(Records excerpted from a collection)
○ ○ ○ ○
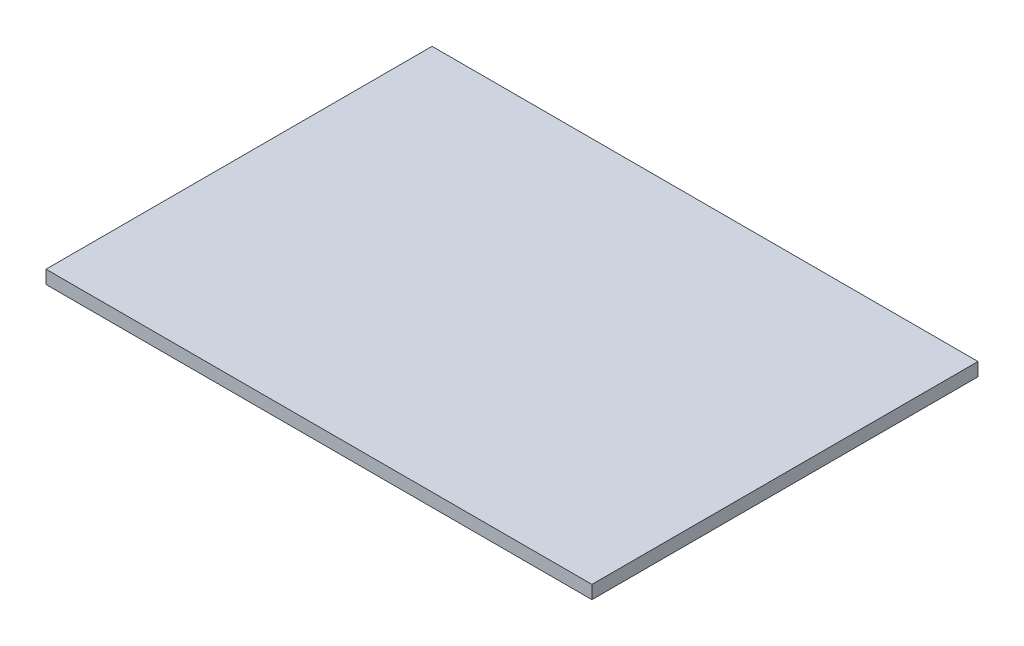
ISO-10303-21;
HEADER;
FILE_DESCRIPTION(('STEP AP214'),'2;1');
FILE_NAME('part.step','',(''),(''),'','','');
FILE_SCHEMA(('AUTOMOTIVE_DESIGN { 1 0 10303 214 1 1 1 1 }'));
ENDSEC;
DATA;
#1=APPLICATION_CONTEXT('core data for automotive mechanical design processes');
#2=APPLICATION_PROTOCOL_DEFINITION('international standard','automotive_design',2000,#1);
#3=PRODUCT_CONTEXT('',#1,'mechanical');
#4=PRODUCT('Part','Part','',(#3));
#5=PRODUCT_RELATED_PRODUCT_CATEGORY('part','',(#4));
#6=PRODUCT_DEFINITION_FORMATION('','',#4);
#7=PRODUCT_DEFINITION_CONTEXT('part definition',#1,'design');
#8=PRODUCT_DEFINITION('design','',#6,#7);
#9=PRODUCT_DEFINITION_SHAPE('','',#8);
#10=(LENGTH_UNIT() NAMED_UNIT(*) SI_UNIT(.MILLI.,.METRE.));
#11=(NAMED_UNIT(*) PLANE_ANGLE_UNIT() SI_UNIT($,.RADIAN.));
#12=(NAMED_UNIT(*) SI_UNIT($,.STERADIAN.) SOLID_ANGLE_UNIT());
#13=UNCERTAINTY_MEASURE_WITH_UNIT(LENGTH_MEASURE(1.E-05),#10,'distance_accuracy_value','');
#14=(GEOMETRIC_REPRESENTATION_CONTEXT(3) GLOBAL_UNCERTAINTY_ASSIGNED_CONTEXT((#13)) GLOBAL_UNIT_ASSIGNED_CONTEXT((#10,
#11,#12)) REPRESENTATION_CONTEXT('',''));
#15=CARTESIAN_POINT('',(0.,0.,0.));
#16=DIRECTION('',(0.,0.,1.));
#17=DIRECTION('',(1.,0.,0.));
#18=AXIS2_PLACEMENT_3D('',#15,#16,#17);
#19=CARTESIAN_POINT('',(228.949767436802,268.379236304719,53.9362891703796));
#20=DIRECTION('',(0.,0.,1.));
#21=DIRECTION('',(0.,-1.,0.));
#22=AXIS2_PLACEMENT_3D('',#19,#20,#21);
#23=PLANE('',#22);
#24=DIRECTION('',(1.,0.,0.));
#25=VECTOR('',#24,1.);
#26=CARTESIAN_POINT('',(228.949767436802,271.538999999998,53.9362891703797));
#27=LINE('',#26,#25);
#28=CARTESIAN_POINT('',(228.949767436802,271.538999999998,53.9362891703797));
#29=VERTEX_POINT('',#28);
#30=CARTESIAN_POINT('',(359.050232563198,271.538999999998,53.9362891703798));
#31=VERTEX_POINT('',#30);
#32=EDGE_CURVE('E79',#29,#31,#27,.T.);
#33=ORIENTED_EDGE('',*,*,#32,.F.);
#34=DIRECTION('',(0.,1.,0.));
#35=VECTOR('',#34,1.);
#36=CARTESIAN_POINT('',(228.949767436802,268.379236304719,53.9362891703796));
#37=LINE('',#36,#35);
#38=CARTESIAN_POINT('',(228.949767436802,268.379236304719,53.9362891703796));
#39=VERTEX_POINT('',#38);
#40=EDGE_CURVE('E32',#39,#29,#37,.T.);
#41=ORIENTED_EDGE('',*,*,#40,.F.);
#42=DIRECTION('',(1.,0.,0.));
#43=VECTOR('',#42,1.);
#44=CARTESIAN_POINT('',(228.949767436802,268.379236304719,53.9362891703796));
#45=LINE('',#44,#43);
#46=CARTESIAN_POINT('',(359.050232563198,268.379236304719,53.9362891703797));
#47=VERTEX_POINT('',#46);
#48=EDGE_CURVE('E71',#39,#47,#45,.T.);
#49=ORIENTED_EDGE('',*,*,#48,.T.);
#50=DIRECTION('',(0.,1.,0.));
#51=VECTOR('',#50,1.);
#52=CARTESIAN_POINT('',(359.050232563198,268.379236304719,53.9362891703797));
#53=LINE('',#52,#51);
#54=EDGE_CURVE('E10',#47,#31,#53,.T.);
#55=ORIENTED_EDGE('',*,*,#54,.T.);
#56=EDGE_LOOP('',(#33,#41,#49,#55));
#57=FACE_BOUND('',#56,.T.);
#58=ADVANCED_FACE('F16',(#57),#23,.T.);
#59=CARTESIAN_POINT('',(359.050232563198,268.379236304719,53.9362891703797));
#60=DIRECTION('',(1.,0.,0.));
#61=DIRECTION('',(0.,0.,-1.));
#62=AXIS2_PLACEMENT_3D('',#59,#60,#61);
#63=PLANE('',#62);
#64=DIRECTION('',(0.,0.,-1.));
#65=VECTOR('',#64,1.);
#66=CARTESIAN_POINT('',(359.050232563198,271.538999999998,53.9362891703798));
#67=LINE('',#66,#65);
#68=CARTESIAN_POINT('',(359.050232563198,271.539000000001,-38.0641759560166));
#69=VERTEX_POINT('',#68);
#70=EDGE_CURVE('E82',#31,#69,#67,.T.);
#71=ORIENTED_EDGE('',*,*,#70,.F.);
#72=ORIENTED_EDGE('',*,*,#54,.F.);
#73=DIRECTION('',(0.,0.,-1.));
#74=VECTOR('',#73,1.);
#75=CARTESIAN_POINT('',(359.050232563198,268.379236304719,53.9362891703797));
#76=LINE('',#75,#74);
#77=CARTESIAN_POINT('',(359.050232563198,268.379236304723,-38.0641759560167));
#78=VERTEX_POINT('',#77);
#79=EDGE_CURVE('E67',#47,#78,#76,.T.);
#80=ORIENTED_EDGE('',*,*,#79,.T.);
#81=DIRECTION('',(0.,1.,0.));
#82=VECTOR('',#81,1.);
#83=CARTESIAN_POINT('',(359.050232563198,268.379236304723,-38.0641759560167));
#84=LINE('',#83,#82);
#85=EDGE_CURVE('E24',#78,#69,#84,.T.);
#86=ORIENTED_EDGE('',*,*,#85,.T.);
#87=EDGE_LOOP('',(#71,#72,#80,#86));
#88=FACE_BOUND('',#87,.T.);
#89=ADVANCED_FACE('F68',(#88),#63,.T.);
#90=CARTESIAN_POINT('',(359.050232563198,268.379236304723,-38.0641759560167));
#91=DIRECTION('',(0.,0.,-1.));
#92=DIRECTION('',(0.,1.,0.));
#93=AXIS2_PLACEMENT_3D('',#90,#91,#92);
#94=PLANE('',#93);
#95=DIRECTION('',(-1.,0.,0.));
#96=VECTOR('',#95,1.);
#97=CARTESIAN_POINT('',(359.050232563198,271.539000000001,-38.0641759560166));
#98=LINE('',#97,#96);
#99=CARTESIAN_POINT('',(228.949767436802,271.539000000001,-38.0641759560167));
#100=VERTEX_POINT('',#99);
#101=EDGE_CURVE('E65',#69,#100,#98,.T.);
#102=ORIENTED_EDGE('',*,*,#101,.F.);
#103=ORIENTED_EDGE('',*,*,#85,.F.);
#104=DIRECTION('',(-1.,0.,0.));
#105=VECTOR('',#104,1.);
#106=CARTESIAN_POINT('',(359.050232563198,268.379236304723,-38.0641759560167));
#107=LINE('',#106,#105);
#108=CARTESIAN_POINT('',(228.949767436802,268.379236304723,-38.0641759560168));
#109=VERTEX_POINT('',#108);
#110=EDGE_CURVE('E62',#78,#109,#107,.T.);
#111=ORIENTED_EDGE('',*,*,#110,.T.);
#112=DIRECTION('',(0.,1.,0.));
#113=VECTOR('',#112,1.);
#114=CARTESIAN_POINT('',(228.949767436802,268.379236304723,-38.0641759560168));
#115=LINE('',#114,#113);
#116=EDGE_CURVE('E48',#109,#100,#115,.T.);
#117=ORIENTED_EDGE('',*,*,#116,.T.);
#118=EDGE_LOOP('',(#102,#103,#111,#117));
#119=FACE_BOUND('',#118,.T.);
#120=ADVANCED_FACE('F60',(#119),#94,.T.);
#121=CARTESIAN_POINT('',(228.949767436802,268.379236304723,-38.0641759560168));
#122=DIRECTION('',(-1.,0.,0.));
#123=DIRECTION('',(0.,0.,1.));
#124=AXIS2_PLACEMENT_3D('',#121,#122,#123);
#125=PLANE('',#124);
#126=DIRECTION('',(0.,0.,1.));
#127=VECTOR('',#126,1.);
#128=CARTESIAN_POINT('',(228.949767436802,271.539000000001,-38.0641759560167));
#129=LINE('',#128,#127);
#130=EDGE_CURVE('E85',#100,#29,#129,.T.);
#131=ORIENTED_EDGE('',*,*,#130,.F.);
#132=ORIENTED_EDGE('',*,*,#116,.F.);
#133=DIRECTION('',(0.,0.,1.));
#134=VECTOR('',#133,1.);
#135=CARTESIAN_POINT('',(228.949767436802,268.379236304723,-38.0641759560168));
#136=LINE('',#135,#134);
#137=EDGE_CURVE('E74',#109,#39,#136,.T.);
#138=ORIENTED_EDGE('',*,*,#137,.T.);
#139=ORIENTED_EDGE('',*,*,#40,.T.);
#140=EDGE_LOOP('',(#131,#132,#138,#139));
#141=FACE_BOUND('',#140,.T.);
#142=ADVANCED_FACE('F96',(#141),#125,.T.);
#143=CARTESIAN_POINT('',(294.,268.379236304723,-36.5139433928185));
#144=DIRECTION('',(0.,1.,0.));
#145=DIRECTION('',(-1.,0.,0.));
#146=AXIS2_PLACEMENT_3D('',#143,#144,#145);
#147=PLANE('',#146);
#148=ORIENTED_EDGE('',*,*,#48,.F.);
#149=ORIENTED_EDGE('',*,*,#137,.F.);
#150=ORIENTED_EDGE('',*,*,#110,.F.);
#151=ORIENTED_EDGE('',*,*,#79,.F.);
#152=EDGE_LOOP('',(#148,#149,#150,#151));
#153=FACE_BOUND('',#152,.T.);
#154=ADVANCED_FACE('F73',(#153),#147,.F.);
#155=CARTESIAN_POINT('',(294.,271.539000000001,-36.5139433928184));
#156=DIRECTION('',(0.,1.,0.));
#157=DIRECTION('',(-1.,0.,0.));
#158=AXIS2_PLACEMENT_3D('',#155,#156,#157);
#159=PLANE('',#158);
#160=ORIENTED_EDGE('',*,*,#32,.T.);
#161=ORIENTED_EDGE('',*,*,#70,.T.);
#162=ORIENTED_EDGE('',*,*,#101,.T.);
#163=ORIENTED_EDGE('',*,*,#130,.T.);
#164=EDGE_LOOP('',(#160,#161,#162,#163));
#165=FACE_BOUND('',#164,.T.);
#166=ADVANCED_FACE('F89',(#165),#159,.T.);
#167=CLOSED_SHELL('',(#58,#89,#120,#142,#154,#166));
#168=MANIFOLD_SOLID_BREP('B1',#167);
#169=ADVANCED_BREP_SHAPE_REPRESENTATION('',(#18,#168),#14);
#170=SHAPE_DEFINITION_REPRESENTATION(#9,#169);
ENDSEC;
END-ISO-10303-21;
○ ○ ○ ○
Begin at the line above that has "#9=PRODUCT_DEFINITION_SHAPE('','',#8);" and stop after the line that has "#27=LINE('',#26,#25);", copying each line exactly and adding nothing else.

▶ Your solution:
#9=PRODUCT_DEFINITION_SHAPE('','',#8);
#10=(LENGTH_UNIT() NAMED_UNIT(*) SI_UNIT(.MILLI.,.METRE.));
#11=(NAMED_UNIT(*) PLANE_ANGLE_UNIT() SI_UNIT($,.RADIAN.));
#12=(NAMED_UNIT(*) SI_UNIT($,.STERADIAN.) SOLID_ANGLE_UNIT());
#13=UNCERTAINTY_MEASURE_WITH_UNIT(LENGTH_MEASURE(1.E-05),#10,'distance_accuracy_value','');
#14=(GEOMETRIC_REPRESENTATION_CONTEXT(3) GLOBAL_UNCERTAINTY_ASSIGNED_CONTEXT((#13)) GLOBAL_UNIT_ASSIGNED_CONTEXT((#10,
#11,#12)) REPRESENTATION_CONTEXT('',''));
#15=CARTESIAN_POINT('',(0.,0.,0.));
#16=DIRECTION('',(0.,0.,1.));
#17=DIRECTION('',(1.,0.,0.));
#18=AXIS2_PLACEMENT_3D('',#15,#16,#17);
#19=CARTESIAN_POINT('',(228.949767436802,268.379236304719,53.9362891703796));
#20=DIRECTION('',(0.,0.,1.));
#21=DIRECTION('',(0.,-1.,0.));
#22=AXIS2_PLACEMENT_3D('',#19,#20,#21);
#23=PLANE('',#22);
#24=DIRECTION('',(1.,0.,0.));
#25=VECTOR('',#24,1.);
#26=CARTESIAN_POINT('',(228.949767436802,271.538999999998,53.9362891703797));
#27=LINE('',#26,#25);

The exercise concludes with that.